To enable an additional method for visualizing cell alignment during tissue compaction, 1µM Octadecyl Rhodamine B Chloride (R18) was introduced to the culture media. The resultant alteration in cell staining procedures is predicted to yield a clear image and improved visualization of the live-cell tissue through a different channel. Attempts were made to seed tissues at a lower cell density, specifically at 5-10 million cells/ml. However, the obtained results revealed that optimal tissue compaction consistently occurred at a higher density, ranging from 15-20 million cells/ml. Tissues maintained a consistent shape after full compaction, with < 5% of tissues exhibiting instances of tearing.
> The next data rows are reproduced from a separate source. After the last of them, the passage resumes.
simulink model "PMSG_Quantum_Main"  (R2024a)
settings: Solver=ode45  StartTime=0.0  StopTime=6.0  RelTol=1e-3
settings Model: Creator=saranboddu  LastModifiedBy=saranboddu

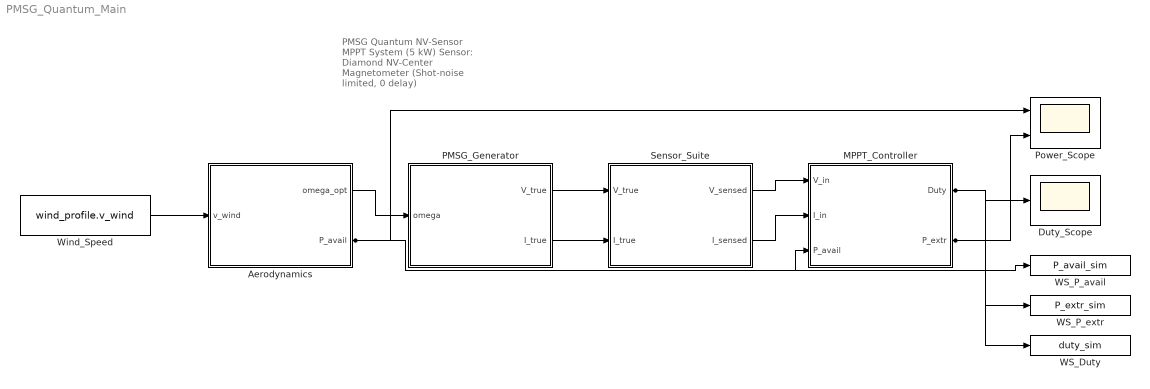
== system PMSG_Quantum_Main ==
  note: PMSG Quantum NV-Sensor MPPT System (5 kW)
      | Sensor: Diamond NV-Center Magnetometer (Shot-noise limited, 0 delay)
  Aerodynamics : Subsystem
  Duty_Scope : Scope
  MPPT_Controller : Subsystem
  PMSG_Generator : Subsystem
  Power_Scope : Scope  NumInputPorts=2
  Sensor_Suite : Subsystem
  WS_Duty : ToWorkspace  VariableName=duty_sim  SampleTime=-1
  WS_P_avail : ToWorkspace  VariableName=P_avail_sim  SampleTime=-1
  WS_P_extr : ToWorkspace  VariableName=P_extr_sim  SampleTime=-1
  Wind_Speed : FromWorkspace  VariableName=wind_profile.v_wind  SampleTime=-1
  wires:
  Wind_Speed/1 -> Aerodynamics/1(v_wind)
  Aerodynamics/1(omega_opt) -> PMSG_Generator/1(omega)
  PMSG_Generator/1(V_true) -> Sensor_Suite/1(V_true)
  PMSG_Generator/2(I_true) -> Sensor_Suite/2(I_true)
  Sensor_Suite/1(V_sensed) -> MPPT_Controller/1(V_in)
  Sensor_Suite/2(I_sensed) -> MPPT_Controller/2(I_in)
  Aerodynamics/2(P_avail) -> MPPT_Controller/3(P_avail), Power_Scope/1, WS_P_avail/1
  MPPT_Controller/1(Duty) -> Duty_Scope/1, WS_Duty/1
  MPPT_Controller/2(P_extr) -> Power_Scope/2, WS_P_extr/1

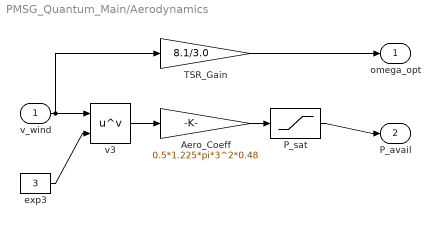
== system PMSG_Quantum_Main/Aerodynamics ==
  v_wind : Inport
  Aero_Coeff : Gain  Gain=0.5*1.225*pi*3^2*0.48
  P_sat : Saturate  UpperLimit=5000  LowerLimit=0
  TSR_Gain : Gain  Gain=8.1/3.0
  exp3 : Constant  Value=3
  v3 : Math  Operator=pow
  omega_opt : Outport
  P_avail : Outport  Port=2
  wires:
  ? -> ?
  v_wind/1 -> v3/1, TSR_Gain/1
  exp3/1 -> v3/2
  v3/1 -> Aero_Coeff/1
  Aero_Coeff/1 -> P_sat/1
  P_sat/1 -> P_avail/1
  TSR_Gain/1 -> omega_opt/1

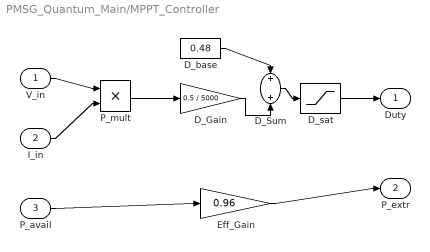
== system PMSG_Quantum_Main/MPPT_Controller ==
  V_in : Inport
  I_in : Inport  Port=2
  P_avail : Inport  Port=3
  D_Gain : Gain  Gain=0.5 / 5000
  D_Sum : Sum
  D_base : Constant  Value=0.48
  D_sat : Saturate  UpperLimit=0.9  LowerLimit=0.1
  Eff_Gain : Gain  Gain=0.96
  P_mult : Product
  Duty : Outport
  P_extr : Outport  Port=2
  wires:
  ? -> ?
  V_in/1 -> P_mult/1
  I_in/1 -> P_mult/2
  P_mult/1 -> D_Gain/1
  D_base/1 -> D_Sum/1
  D_Gain/1 -> D_Sum/2
  D_Sum/1 -> D_sat/1
  D_sat/1 -> Duty/1
  P_avail/1 -> Eff_Gain/1
  Eff_Gain/1 -> P_extr/1

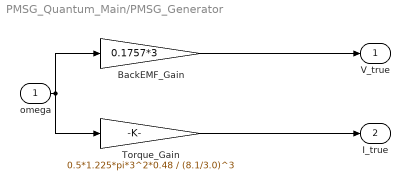
== system PMSG_Quantum_Main/PMSG_Generator ==
  omega : Inport
  BackEMF_Gain : Gain  Gain=0.1757*3
  Torque_Gain : Gain  Gain=0.5*1.225*pi*3^2*0.48 / (8.1/3.0)^3
  V_true : Outport
  I_true : Outport  Port=2
  wires:
  ? -> ?
  omega/1 -> BackEMF_Gain/1, Torque_Gain/1
  BackEMF_Gain/1 -> V_true/1
  Torque_Gain/1 -> I_true/1

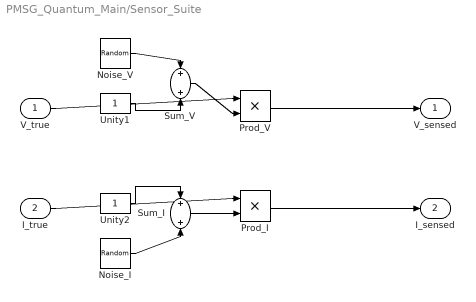
== system PMSG_Quantum_Main/Sensor_Suite ==
  V_true : Inport
  I_true : Inport  Port=2
  Noise_I : RandomNumber  Variance=1e-6  SampleTime=1e-4
  Noise_V : RandomNumber  Variance=1e-6  SampleTime=1e-4
  Prod_I : Product
  Prod_V : Product
  Sum_I : Sum
  Sum_V : Sum
  Unity1 : Constant
  Unity2 : Constant
  V_sensed : Outport
  I_sensed : Outport  Port=2
  wires:
  ? -> ?
  Noise_V/1 -> Sum_V/1
  Unity1/1 -> Sum_V/2
  V_true/1 -> Prod_V/1
  Sum_V/1 -> Prod_V/2
  Prod_V/1 -> V_sensed/1
  Noise_I/1 -> Sum_I/2
  Unity2/1 -> Sum_I/1
  I_true/1 -> Prod_I/1
  Sum_I/1 -> Prod_I/2
  Prod_I/1 -> I_sensed/1

During the imaging process while the tissue was undergoing compaction and fixation, discernible indications of nuclear shape changes were observed. These findings suggest the presence of preferential alignment in specific axes, highlighting potential patterns of cellular organization during tissue compaction. However, to precisely ascertain the specific time points at which such preferred alignment and symmetry breaking occur, further experimentation will be essential. Conducting experiments at different time points during tissue compaction and development will be necessary to capture the dynamic process and provide a comprehensive understanding of these events.
While these studies are considered preliminary, they are able to show us how stress anisotropy affects fibrosis. These studies can eventually advance our comprehension of the crucial role of cardiac fibrosis in the wound healing process. Specifically, these studies shed light on the implications of excessive fibroblast proliferation and activation, which can contribute to pathological remodeling and ultimately lead to the onset of arrhythmias. This manifests as an early and clinically relevant phenotype in patients afflicted with hypertrophic cardiomyopathy. As we delve further into these investigations, a deeper understanding of cardiac fibrosis and its impact on cardiac health is anticipated, potentially paving the way for improved therapeutic interventions and management strategies in the future.